Question

The function f(x) = tanx - x

• A. is a decreasing function on [0, $\frac{\pi}{2}$)
• B. is an increasing function on [0, $\frac{\pi}{2}$)
• C. is a constant function
• D. is neither increasing nor decreasing function on [0, $\frac{\pi}{2}$)

Hint:

When checking for increasing/decreasing behavior, finding the first derivative is the standard method.
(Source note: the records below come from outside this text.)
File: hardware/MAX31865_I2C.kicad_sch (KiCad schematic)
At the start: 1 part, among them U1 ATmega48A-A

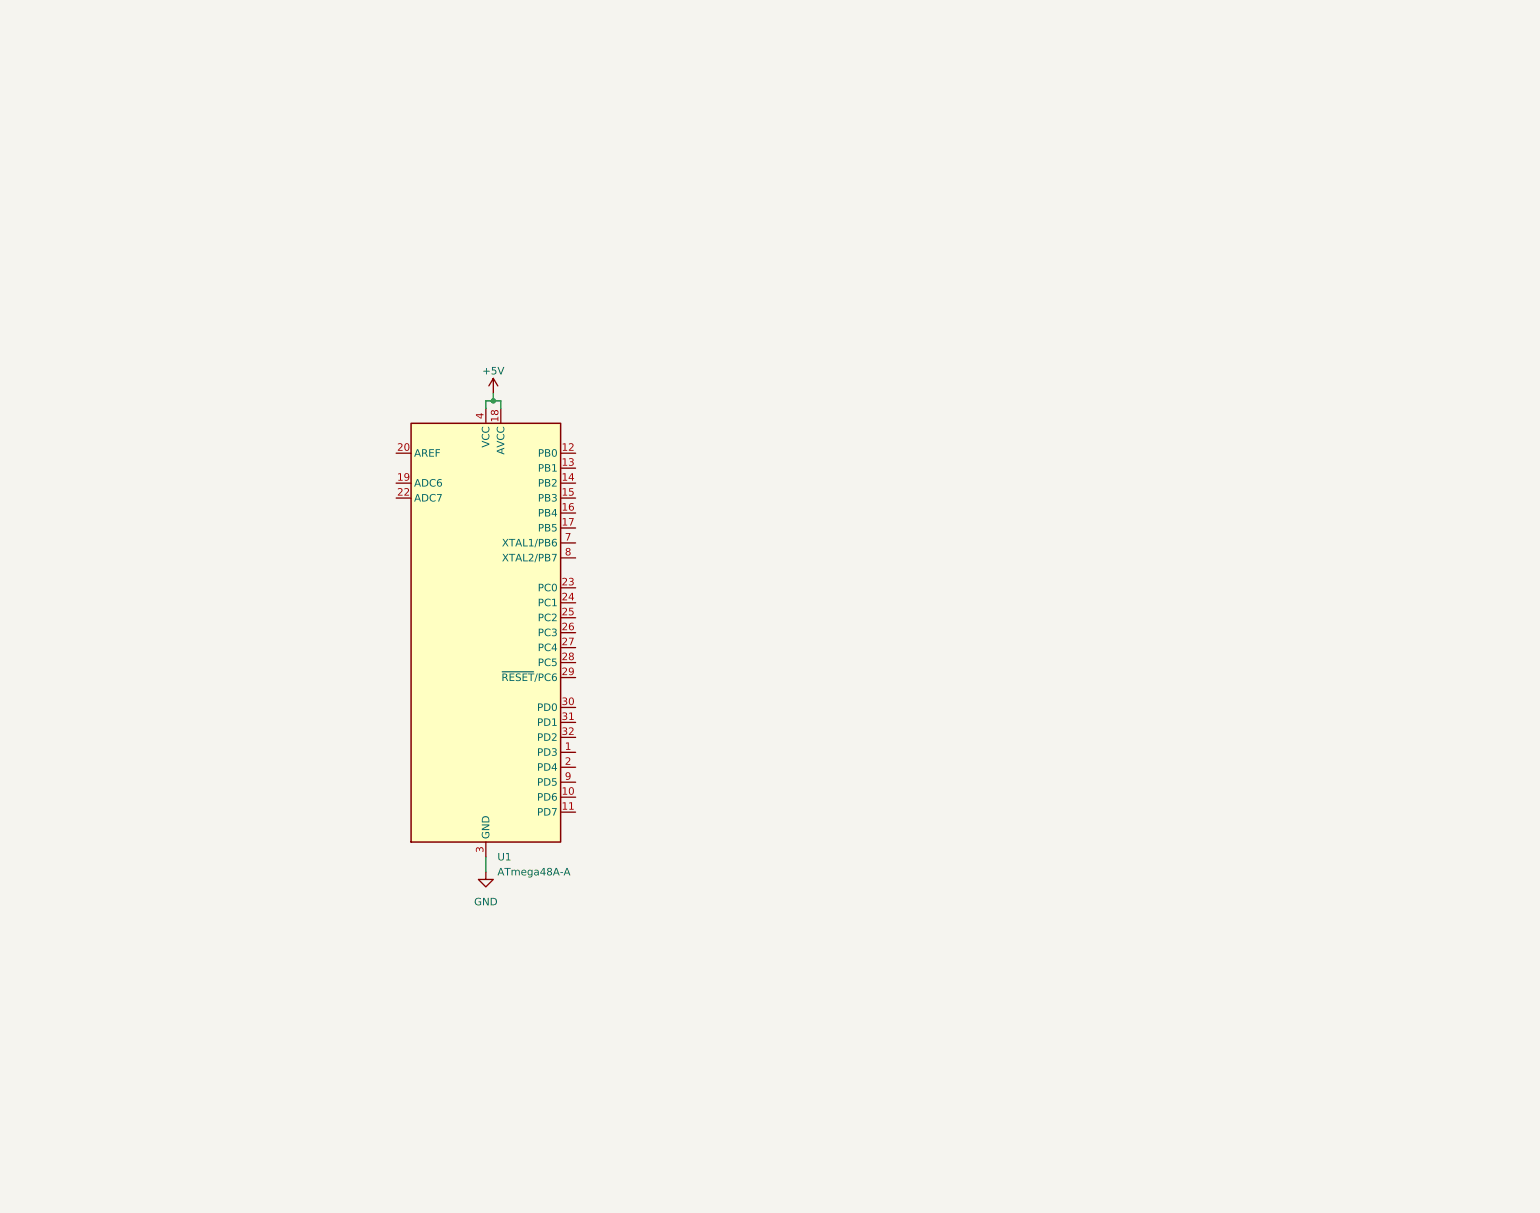
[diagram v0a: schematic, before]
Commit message: added rough sketch of the adapter PCB
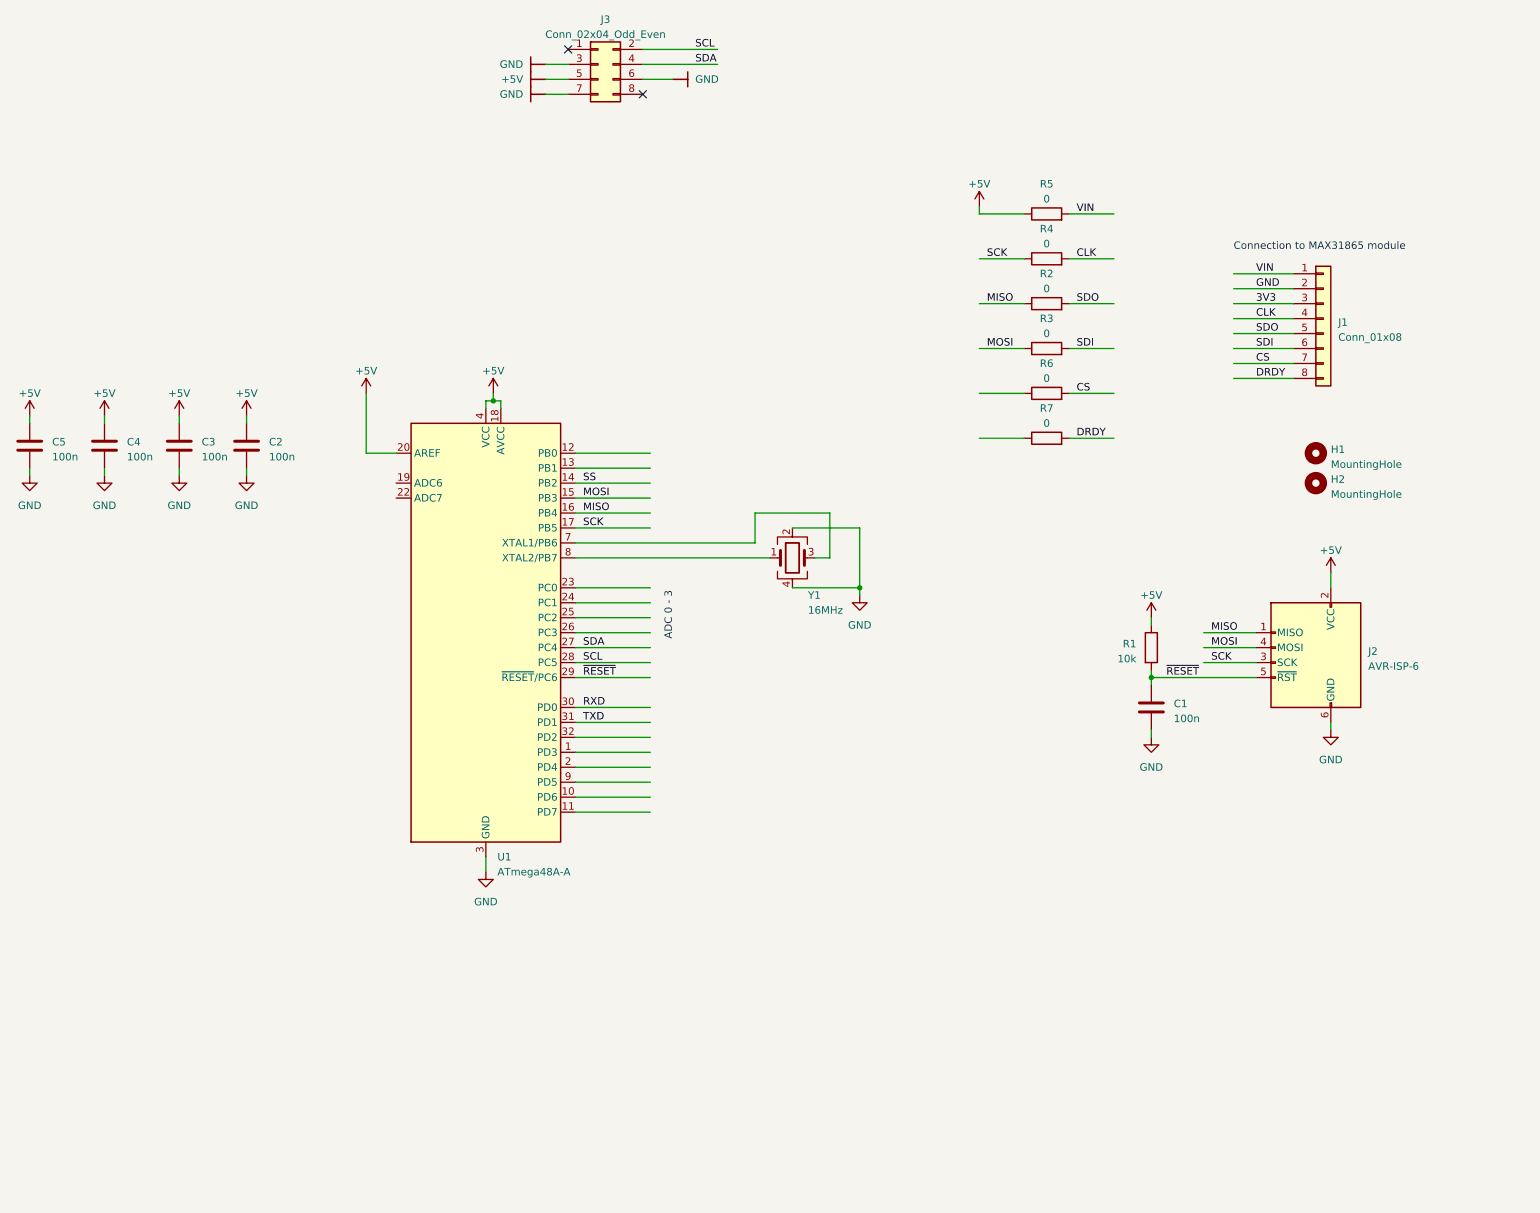
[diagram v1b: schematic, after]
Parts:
- added C1, C2, C3, C4, C5: 100n, Capacitor_SMD:C_0603_1608Metric, symbol Device:C
- added H1, H2: MountingHole, MountingHole:MountingHole_2.7mm, symbol Mechanical:MountingHole
- added J1: Conn_01x08, Connector_PinSocket_2.54mm:PinSocket_1x08_P2.54mm_Vertical, symbol Connector_Generic:Conn_01x08
- added J2: AVR-ISP-6, PinHeaderEdgeMount:PinHeader_2x03_P2.54mm_Edge, symbol Connector:AVR-ISP-6
- added J3: Conn_02x04_Odd_Even, PinHeaderEdgeMount:PinHeader_2x04_P2.54mm_Edge, symbol Connector_Generic:Conn_02x04_Odd_Even
- added R1: 10k, Resistor_SMD:R_0603_1608Metric, symbol Device:R
- added R2, R3, R4, R5, R6, R7: 0, Resistor_SMD:R_0603_1608Metric, symbol Device:R
- added Y1: 16MHz, Crystal:Crystal_SMD_EuroQuartz_MQ-4Pin_7.0x5.0mm, symbol Device:Crystal_GND24
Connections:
- net +5V: now also U1.20 (AREF), C2.1, C3.1, C4.1, C5.1, J2.2 (VCC), J3.5 (Pin_5), R1.1, R5.1
- net GND: now also C1.2, C2.2, C3.2, C4.2, C5.2, J1.2 (Pin_2), J2.6 (GND), J3.3 (Pin_3), J3.6 (Pin_6), J3.7 (Pin_7), Y1.2, Y1.4
- net SS: now reaches U1.14 (PB2)
- net MOSI: now reaches U1.15 (PB3)
- net MOSI: now also J2.4 (MOSI), R3.1
- net MISO: now reaches U1.16 (PB4)
- net MISO: now also J2.1 (MISO), R2.1
- net SCK: now reaches U1.17 (PB5)
- net SCK: now also J2.3 (SCK), R4.1
- net SDA: now reaches U1.27 (PC4)
- net SDA: now also J3.4 (Pin_4)
- net SCL: now reaches U1.28 (PC5)
- net SCL: now also J3.2 (Pin_2)
- net ~{RESET}: now reaches U1.29 (~{RESET}/PC6)
- net ~{RESET}: now also C1.1, J2.5 (~{RST}), R1.2
- net RXD: now reaches U1.30 (PD0)
- net TXD: now reaches U1.31 (PD1)
- net at U1.7 (XTAL1/PB6): now also Y1.3
- net at U1.8 (XTAL2/PB7): now also Y1.1
- new net 3V3: J1.3 (Pin_3)
- new net CLK: J1.4 (Pin_4), R4.2
- new net CS: J1.7 (Pin_7), R6.2
- new net DRDY: J1.8 (Pin_8), R7.2
- new net SDI: J1.6 (Pin_6), R3.2
- new net SDO: J1.5 (Pin_5), R2.2
- new net VIN: J1.1 (Pin_1), R5.2
- no-connect marks 0 -> 2
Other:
- note added: "ADC 0 - 3"
- note added: "Connection to MAX31865 module"

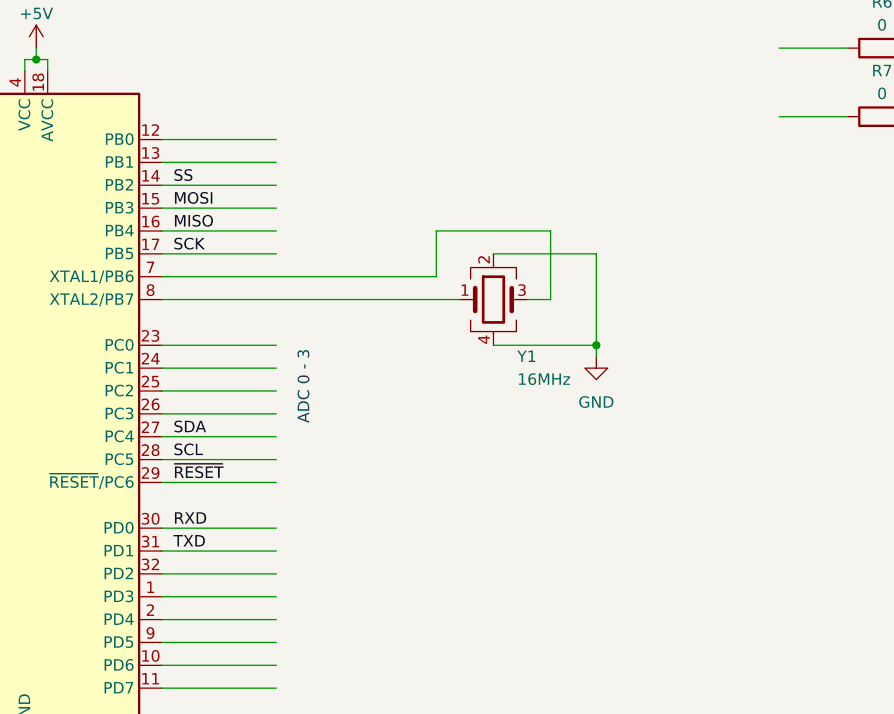
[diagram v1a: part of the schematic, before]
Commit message: added caps for crystal
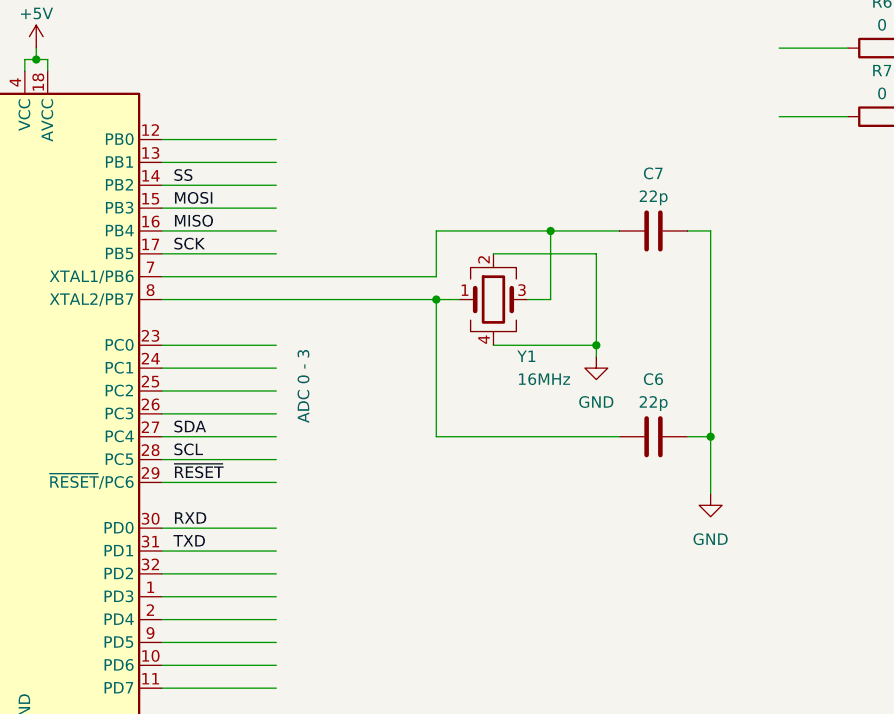
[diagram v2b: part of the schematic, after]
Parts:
- added C6, C7: 22p, Capacitor_SMD:C_0603_1608Metric, symbol Device:C
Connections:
- net GND: now also C6.2, C7.2
- net at U1.7 (XTAL1/PB6), Y1.3: now also C7.1
- net at U1.8 (XTAL2/PB7), Y1.1: now also C6.1
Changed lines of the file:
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@@
   (junction (at 217.17 93.98) (diameter 0) (color 0 0 0 0)
+  )
+  (junction (at 162.56 66.04) (diameter 0) (color 0 0 0 0)
+  )
+  (junction (at 149.86 73.66) (diameter 0) (color 0 0 0 0)
+  )
+  (junction (at 180.34 88.9) (diameter 0) (color 0 0 0 0)
   )
   (no_connect (at 118.11 -12.7))
@@
     (stroke (width 0) (type default))
   )
+  (wire (pts (xy 180.34 66.04) (xy 180.34 88.9))
+    (stroke (width 0) (type default))
+  )
   (wire (pts (xy 187.96 30.48) (xy 195.58 30.48))
     (stroke (width 0) (type default))
@@
     (stroke (width 0) (type default))
   )
+  (wire (pts (xy 149.86 73.66) (xy 152.4 73.66))
+    (stroke (width 0) (type default))
+  )
+  (wire (pts (xy 177.8 66.04) (xy 180.34 66.04))
+    (stroke (width 0) (type default))
+  )
   (wire (pts (xy 231.14 40.64) (xy 241.3 40.64))
     (stroke (width 0) (type default))
@@
     (stroke (width 0) (type default))
   )
+  (wire (pts (xy 180.34 88.9) (xy 180.34 95.25))
+    (stroke (width 0) (type default))
+  )
+  (wire (pts (xy 180.34 88.9) (xy 177.8 88.9))
+    (stroke (width 0) (type default))
+  )
   (wire (pts (xy 119.38 91.44) (xy 132.08 91.44))
     (stroke (width 0) (type default))
@@
     (stroke (width 0) (type default))
   )
+  (wire (pts (xy 149.86 88.9) (xy 149.86 73.66))
+    (stroke (width 0) (type default))
+  )
   (wire (pts (xy 104.14 48.26) (xy 104.14 46.99))
     (stroke (width 0) (type default))
@@
     (stroke (width 0) (type default))
   )
+  (wire (pts (xy 170.18 88.9) (xy 149.86 88.9))
+    (stroke (width 0) (type default))
+  )
   (wire (pts (xy 167.64 78.74) (xy 167.64 68.58))
     (stroke (width 0) (type default))
@@
     (stroke (width 0) (type default))
   )
-  (wire (pts (xy 119.38 73.66) (xy 152.4 73.66))
+  (wire (pts (xy 119.38 73.66) (xy 149.86 73.66))
     (stroke (width 0) (type default))
   )
@@
     (stroke (width 0) (type default))
   )
+  (wire (pts (xy 162.56 66.04) (xy 170.18 66.04))
+    (stroke (width 0) (type default))
+  )
   (wire (pts (xy 156.21 78.74) (xy 167.64 78.74))
     (stroke (width 0) (type default))
@@
         (path "/4d7972c0-b329-4137-a4d7-44898e682941"
           (reference "#PWR018") (unit 1)
+        )
+      )
+    )
+  )
+  (symbol (lib_id "PCM_4ms_Power-symbol:GND") (at 180.34 95.25 0) (unit 1)
+    (in_bom yes) (on_board yes) (dnp no) (fields_autoplaced)
+    (property "Reference" "#PWR022" (at 180.34 101.6 0)
+      (effects (font (size 1.27 1.27)) hide)
+    )
+    (property "Value" "GND" (at 180.34 100.33 0)
+      (effects (font (size 1.27 1.27)))
+    )
+    (property "Footprint" "" (at 180.34 95.25 0)
+      (effects (font (size 1.27 1.27)) hide)
+    )
+    (property "Datasheet" "" (at 180.34 95.25 0)
+      (effects (font (size 1.27 1.27)) hide)
+    )
+    (pin "1")
+    (instances
+      (project "MAX31865_I2C"
+        (path "/4d7972c0-b329-4137-a4d7-44898e682941"
+          (reference "#PWR022") (unit 1)
         )
       )
@@
     )
   )
+  (symbol (lib_id "Device:C") (at 173.99 88.9 90) (unit 1)
+    (in_bom yes) (on_board yes) (dnp no) (fields_autoplaced)
+    (property "Reference" "C6" (at 173.99 82.55 90)
+      (effects (font (size 1.27 1.27)))
+    )
+    (property "Value" "22p" (at 173.99 85.09 90)
+      (effects (font (size 1.27 1.27)))
+    )
+    (property "Footprint" "Capacitor_SMD:C_0603_1608Metric" (at 177.8 87.9348 0)
+      (effects (font (size 1.27 1.27)) hide)
+    )
+    (property "Datasheet" "~" (at 173.99 88.9 0)
+      (effects (font (size 1.27 1.27)) hide)
+    )
+    (pin "1")
+    (pin "2")
+    (instances
+      (project "MAX31865_I2C"
+        (path "/4d7972c0-b329-4137-a4d7-44898e682941"
+          (reference "C6") (unit 1)
+        )
+      )
+    )
+  )
   (symbol (lib_id "PCM_4ms_Power-symbol:GND") (at 52.07 59.69 0) (unit 1)
     (in_bom yes) (on_board yes) (dnp no) (fields_autoplaced)
@@
         )
       )
+    )
+  )
+  (symbol (lib_id "Device:C") (at 173.99 66.04 90) (unit 1)
+    (in_bom yes) (on_board yes) (dnp no) (fields_autoplaced)
+    (property "Reference" "C7" (at 173.99 59.69 90)
+      (effects (font (size 1.27 1.27)))
+    )
+    (property "Value" "22p" (at 173.99 62.23 90)
+      (effects (font (size 1.27 1.27)))
+    )
+    (property "Footprint" "Capacitor_SMD:C_0603_1608Metric" (at 177.8 65.0748 0)
+      (effects (font (size 1.27 1.27)) hide)
+    )
+    (property "Datasheet" "~" (at 173.99 66.04 0)
+      (effects (font (size 1.27 1.27)) hide)
+    )
+    (pin "1")
+    (pin "2")
+    (instances
+      (project "MAX31865_I2C"
+        (path "/4d7972c0-b329-4137-a4d7-44898e682941"
+          (reference "C7") (unit 1)
+        )
+      )

Remembering basic trigonometric identities is crucial for simplifying the derivative and analyzing its sign.

Answer 1

The Correct Option is B

Step 1: Concept Review:
A function's monotonicity (increasing or decreasing) on an interval is determined by the sign of its first derivative on that interval. A positive first derivative (f'(x) > 0) indicates an increasing function, while a negative first derivative (f'(x) < 0) indicates a decreasing function.
Step 2: Methodology:
1. Compute the derivative of the given function f(x) to obtain f'(x).
2. Evaluate the sign of f'(x) over the specified interval [0, $\frac{\pi}{2}$).
Step 3: Derivation and Analysis:
Given function: f(x) = tanx - x.
Calculate the first derivative, f'(x):
\[ f'(x) = \frac{d}{dx}(\tan x - x) = \sec^2 x - 1 \] Employing the trigonometric identity $\sec^2 x = 1 + \tan^2 x$:
\[ f'(x) = (1 + \tan^2 x) - 1 = \tan^2 x \] Analyze the sign of f'(x) = $\tan^2 x$ on the interval [0, $\frac{\pi}{2}$).
For all x within this interval where tanx is defined, $\tan^2 x$ will always be non-negative.
\[ f'(x) = \tan^2 x \ge 0 \] At x = 0, f'(x) = 0. For all other x in (0, $\frac{\pi}{2}$), tanx is positive, making $\tan^2 x$ strictly positive.
Since f'(x) $\ge$ 0 on [0, $\frac{\pi}{2}$) and is not zero over any subinterval, f(x) is determined to be increasing on this interval.
Step 4: Conclusion:
Conclusion: f(x) = tanx - x is an increasing function on [0, $\frac{\pi}{2}$).